Stored records
○ ○ ○ ○ ○

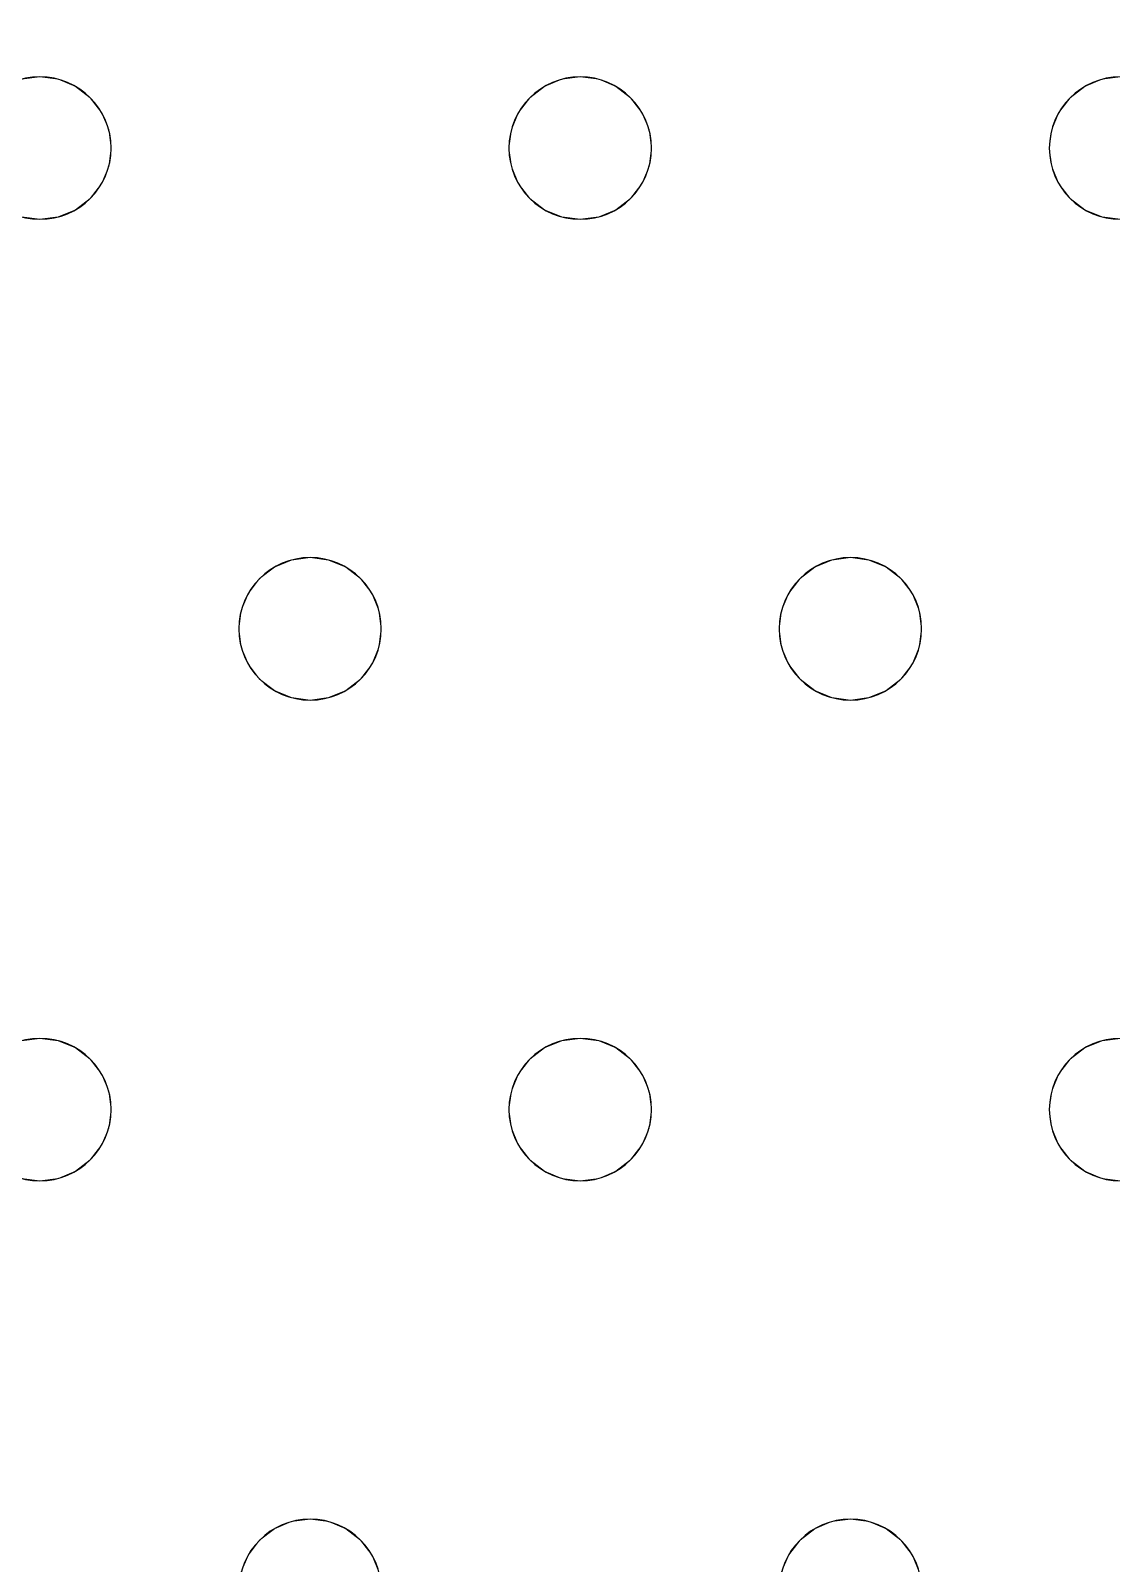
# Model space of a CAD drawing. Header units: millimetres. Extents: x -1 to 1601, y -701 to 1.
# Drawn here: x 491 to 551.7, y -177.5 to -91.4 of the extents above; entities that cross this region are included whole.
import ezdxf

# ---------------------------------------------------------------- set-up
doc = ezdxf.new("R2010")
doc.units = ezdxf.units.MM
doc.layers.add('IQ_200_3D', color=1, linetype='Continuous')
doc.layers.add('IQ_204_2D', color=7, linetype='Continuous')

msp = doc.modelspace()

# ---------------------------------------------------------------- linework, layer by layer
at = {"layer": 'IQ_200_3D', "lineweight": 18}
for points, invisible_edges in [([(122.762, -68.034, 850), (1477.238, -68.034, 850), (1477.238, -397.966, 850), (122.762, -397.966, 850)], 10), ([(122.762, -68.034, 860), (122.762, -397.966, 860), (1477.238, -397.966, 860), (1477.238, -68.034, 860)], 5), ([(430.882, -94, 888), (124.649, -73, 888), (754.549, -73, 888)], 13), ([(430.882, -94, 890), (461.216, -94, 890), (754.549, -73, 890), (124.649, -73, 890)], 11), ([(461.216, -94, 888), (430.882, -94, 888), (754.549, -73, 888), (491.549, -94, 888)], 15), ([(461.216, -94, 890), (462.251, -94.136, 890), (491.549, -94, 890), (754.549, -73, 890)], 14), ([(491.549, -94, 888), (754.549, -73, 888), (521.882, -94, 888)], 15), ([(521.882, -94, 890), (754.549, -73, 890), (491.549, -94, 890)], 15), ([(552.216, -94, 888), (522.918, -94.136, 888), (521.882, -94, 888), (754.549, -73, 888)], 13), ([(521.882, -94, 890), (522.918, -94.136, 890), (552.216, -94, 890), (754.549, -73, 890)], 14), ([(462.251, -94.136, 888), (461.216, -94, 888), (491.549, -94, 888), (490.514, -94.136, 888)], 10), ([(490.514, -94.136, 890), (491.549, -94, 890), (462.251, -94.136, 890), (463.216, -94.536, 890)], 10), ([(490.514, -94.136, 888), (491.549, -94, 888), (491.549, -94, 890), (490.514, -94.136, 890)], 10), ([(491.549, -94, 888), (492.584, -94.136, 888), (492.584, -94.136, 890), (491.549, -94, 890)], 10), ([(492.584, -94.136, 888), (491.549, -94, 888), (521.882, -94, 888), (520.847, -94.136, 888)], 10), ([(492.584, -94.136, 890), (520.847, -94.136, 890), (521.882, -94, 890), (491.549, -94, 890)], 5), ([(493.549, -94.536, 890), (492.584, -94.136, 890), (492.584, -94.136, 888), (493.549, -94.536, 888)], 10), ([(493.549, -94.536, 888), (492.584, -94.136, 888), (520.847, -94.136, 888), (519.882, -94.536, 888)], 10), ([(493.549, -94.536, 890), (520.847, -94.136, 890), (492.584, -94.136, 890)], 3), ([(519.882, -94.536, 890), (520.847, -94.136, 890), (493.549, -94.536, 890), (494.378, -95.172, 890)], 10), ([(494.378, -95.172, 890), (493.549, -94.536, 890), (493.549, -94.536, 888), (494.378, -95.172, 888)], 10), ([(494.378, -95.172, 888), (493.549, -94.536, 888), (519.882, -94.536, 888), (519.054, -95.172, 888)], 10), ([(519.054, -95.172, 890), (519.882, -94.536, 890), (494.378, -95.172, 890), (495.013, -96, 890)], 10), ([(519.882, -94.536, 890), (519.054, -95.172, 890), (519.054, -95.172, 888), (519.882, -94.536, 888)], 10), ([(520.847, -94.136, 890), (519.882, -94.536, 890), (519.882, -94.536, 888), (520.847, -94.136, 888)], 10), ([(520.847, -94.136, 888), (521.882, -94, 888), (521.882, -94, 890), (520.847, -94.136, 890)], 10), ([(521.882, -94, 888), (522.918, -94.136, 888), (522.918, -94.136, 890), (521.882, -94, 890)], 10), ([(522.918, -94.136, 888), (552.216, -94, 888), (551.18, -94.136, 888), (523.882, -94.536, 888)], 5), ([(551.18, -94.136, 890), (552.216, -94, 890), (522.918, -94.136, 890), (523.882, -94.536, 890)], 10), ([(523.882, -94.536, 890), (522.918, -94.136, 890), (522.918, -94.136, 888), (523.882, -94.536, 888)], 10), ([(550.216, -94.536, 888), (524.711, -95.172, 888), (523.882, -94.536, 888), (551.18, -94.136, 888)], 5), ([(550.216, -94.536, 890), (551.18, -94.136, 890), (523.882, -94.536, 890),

○ ○ ○ ○ ○

| Problem to work on |
Give every record again word for word, pictures excluded.

| Reply to the task |
# Model space of a CAD drawing. Header units: millimetres. Extents: x -1 to 1601, y -701 to 1.
# Drawn here: x 491 to 551.7, y -177.5 to -91.4 of the extents above; entities that cross this region are included whole.
import ezdxf

# ---------------------------------------------------------------- set-up
doc = ezdxf.new("R2010")
doc.units = ezdxf.units.MM
doc.layers.add('IQ_200_3D', color=1, linetype='Continuous')
doc.layers.add('IQ_204_2D', color=7, linetype='Continuous')

msp = doc.modelspace()

# ---------------------------------------------------------------- linework, layer by layer
at = {"layer": 'IQ_200_3D', "lineweight": 18}
for points, invisible_edges in [([(122.762, -68.034, 850), (1477.238, -68.034, 850), (1477.238, -397.966, 850), (122.762, -397.966, 850)], 10), ([(122.762, -68.034, 860), (122.762, -397.966, 860), (1477.238, -397.966, 860), (1477.238, -68.034, 860)], 5), ([(430.882, -94, 888), (124.649, -73, 888), (754.549, -73, 888)], 13), ([(430.882, -94, 890), (461.216, -94, 890), (754.549, -73, 890), (124.649, -73, 890)], 11), ([(461.216, -94, 888), (430.882, -94, 888), (754.549, -73, 888), (491.549, -94, 888)], 15), ([(461.216, -94, 890), (462.251, -94.136, 890), (491.549, -94, 890), (754.549, -73, 890)], 14), ([(491.549, -94, 888), (754.549, -73, 888), (521.882, -94, 888)], 15), ([(521.882, -94, 890), (754.549, -73, 890), (491.549, -94, 890)], 15), ([(552.216, -94, 888), (522.918, -94.136, 888), (521.882, -94, 888), (754.549, -73, 888)], 13), ([(521.882, -94, 890), (522.918, -94.136, 890), (552.216, -94, 890), (754.549, -73, 890)], 14), ([(462.251, -94.136, 888), (461.216, -94, 888), (491.549, -94, 888), (490.514, -94.136, 888)], 10), ([(490.514, -94.136, 890), (491.549, -94, 890), (462.251, -94.136, 890), (463.216, -94.536, 890)], 10), ([(490.514, -94.136, 888), (491.549, -94, 888), (491.549, -94, 890), (490.514, -94.136, 890)], 10), ([(491.549, -94, 888), (492.584, -94.136, 888), (492.584, -94.136, 890), (491.549, -94, 890)], 10), ([(492.584, -94.136, 888), (491.549, -94, 888), (521.882, -94, 888), (520.847, -94.136, 888)], 10), ([(492.584, -94.136, 890), (520.847, -94.136, 890), (521.882, -94, 890), (491.549, -94, 890)], 5), ([(493.549, -94.536, 890), (492.584, -94.136, 890), (492.584, -94.136, 888), (493.549, -94.536, 888)], 10), ([(493.549, -94.536, 888), (492.584, -94.136, 888), (520.847, -94.136, 888), (519.882, -94.536, 888)], 10), ([(493.549, -94.536, 890), (520.847, -94.136, 890), (492.584, -94.136, 890)], 3), ([(519.882, -94.536, 890), (520.847, -94.136, 890), (493.549, -94.536, 890), (494.378, -95.172, 890)], 10), ([(494.378, -95.172, 890), (493.549, -94.536, 890), (493.549, -94.536, 888), (494.378, -95.172, 888)], 10), ([(494.378, -95.172, 888), (493.549, -94.536, 888), (519.882, -94.536, 888), (519.054, -95.172, 888)], 10), ([(519.054, -95.172, 890), (519.882, -94.536, 890), (494.378, -95.172, 890), (495.013, -96, 890)], 10), ([(519.882, -94.536, 890), (519.054, -95.172, 890), (519.054, -95.172, 888), (519.882, -94.536, 888)], 10), ([(520.847, -94.136, 890), (519.882, -94.536, 890), (519.882, -94.536, 888), (520.847, -94.136, 888)], 10), ([(520.847, -94.136, 888), (521.882, -94, 888), (521.882, -94, 890), (520.847, -94.136, 890)], 10), ([(521.882, -94, 888), (522.918, -94.136, 888), (522.918, -94.136, 890), (521.882, -94, 890)], 10), ([(522.918, -94.136, 888), (552.216, -94, 888), (551.18, -94.136, 888), (523.882, -94.536, 888)], 5), ([(551.18, -94.136, 890), (552.216, -94, 890), (522.918, -94.136, 890), (523.882, -94.536, 890)], 10), ([(523.882, -94.536, 890), (522.918, -94.136, 890), (522.918, -94.136, 888), (523.882, -94.536, 888)], 10), ([(550.216, -94.536, 888), (524.711, -95.172, 888), (523.882, -94.536, 888), (551.18, -94.136, 888)], 5), ([(550.216, -94.536, 890), (551.18, -94.136, 890), (523.882, -94.536, 890),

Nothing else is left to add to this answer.